We generally know this to be "warming up," as if the body were some cold engine requiring heat. But actually it is more of a wake-up, a summoning of the nervous system from its quiet hum into full, vibrant conductorship.

I have spent years on roller skates, making crazy hours as a long distance street skater, as well as a rhythm style skating practitioner on smooth wood, rough asphalt and any impossible surface in between.
When I also include many years of experience as a trainer, one of the most important things I have learned is this:
the body is never simply ready. It must be fully woken up before it can properly move. The muscles, yes, need blood flow. The joints, certainly, benefit from synovial circulation. But before any of that matters, the brain must fully know where the body is in space.

Consider this: your nervous system is a vast super high-speed telecommunications network, connecting command centers to distant outposts. When you sleep, when you sit, when you remain still, this network idles. Signals slow. Connections grow fuzzy. The motor cortex, that magnificent maestro of movement, begins to forget the precise address of each muscle fiber, the exact angle of each joint, the particular rhythm of each coordinated action.

A proper wake-up is neuromuscular rehearsal; a dress rehearsal for the performance to come. You are not merely raising your heart rate or loosening up. You are reestablishing communication channels. You are reminding your proprioceptors - those elegant sensory organs embedded in muscles, tendons, and joints - to report back clearly: Here I am. This is my position. This is my tension. This is my readiness.

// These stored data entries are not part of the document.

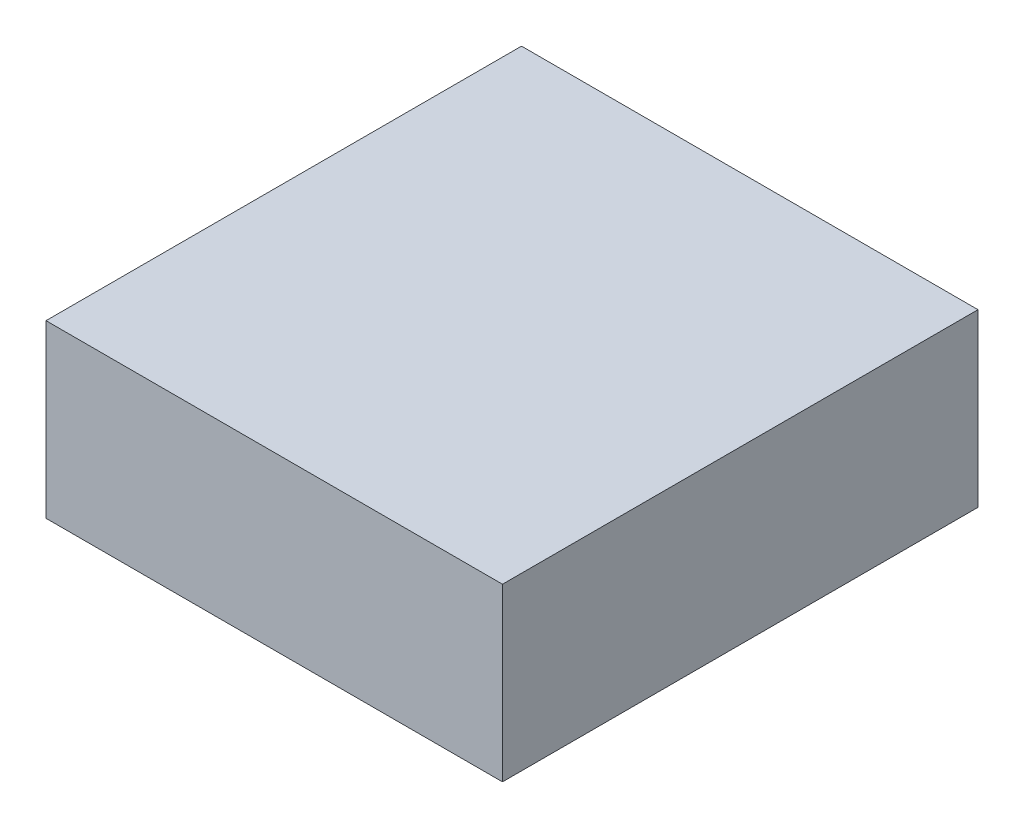
from build123d import *

# Parameters (mm, degrees)
SKETCH1_W           = 24
SKETCH1_H           = 25
BOSS_EXTRUDE1_DEPTH = 9


with BuildPart() as part:
    # Sketch1 → Boss-Extrude1 (new body)
    with BuildSketch(Plane(origin=(0, 0, 0), x_dir=(1, 0, 0), z_dir=(0, 1, 0))):
        Rectangle(SKETCH1_W, SKETCH1_H)
    extrude(amount=BOSS_EXTRUDE1_DEPTH)


solid = part.part

You are accelerating the recruitment of motor units, those precise points where nerve meets muscle, where intention becomes contraction. You are fine-tuning the timing between your stabilizers - the deep, quiet muscles that anchor you—and your prime movers - the powerful actors that generate force. This is not about heat. This is about precision.
When I hop laterally, when I rotate through my hips, when I rock my weight from the center to the outside edge, I am not doing cardio. I am teaching my nervous system to accept load, to redirect force, to respond with speed and accuracy. These are the same skills that running demands, that lifting requires, that cycling insists upon. They are the fundamental vocabulary of movement itself.

II. Stretch or flex
And here I must address a persistent myth: the notion that stretching prepares the body for action. Stretching has its place - a valuable place - but that place is emphatically NOT before you roll on skates, before you run, before you lift.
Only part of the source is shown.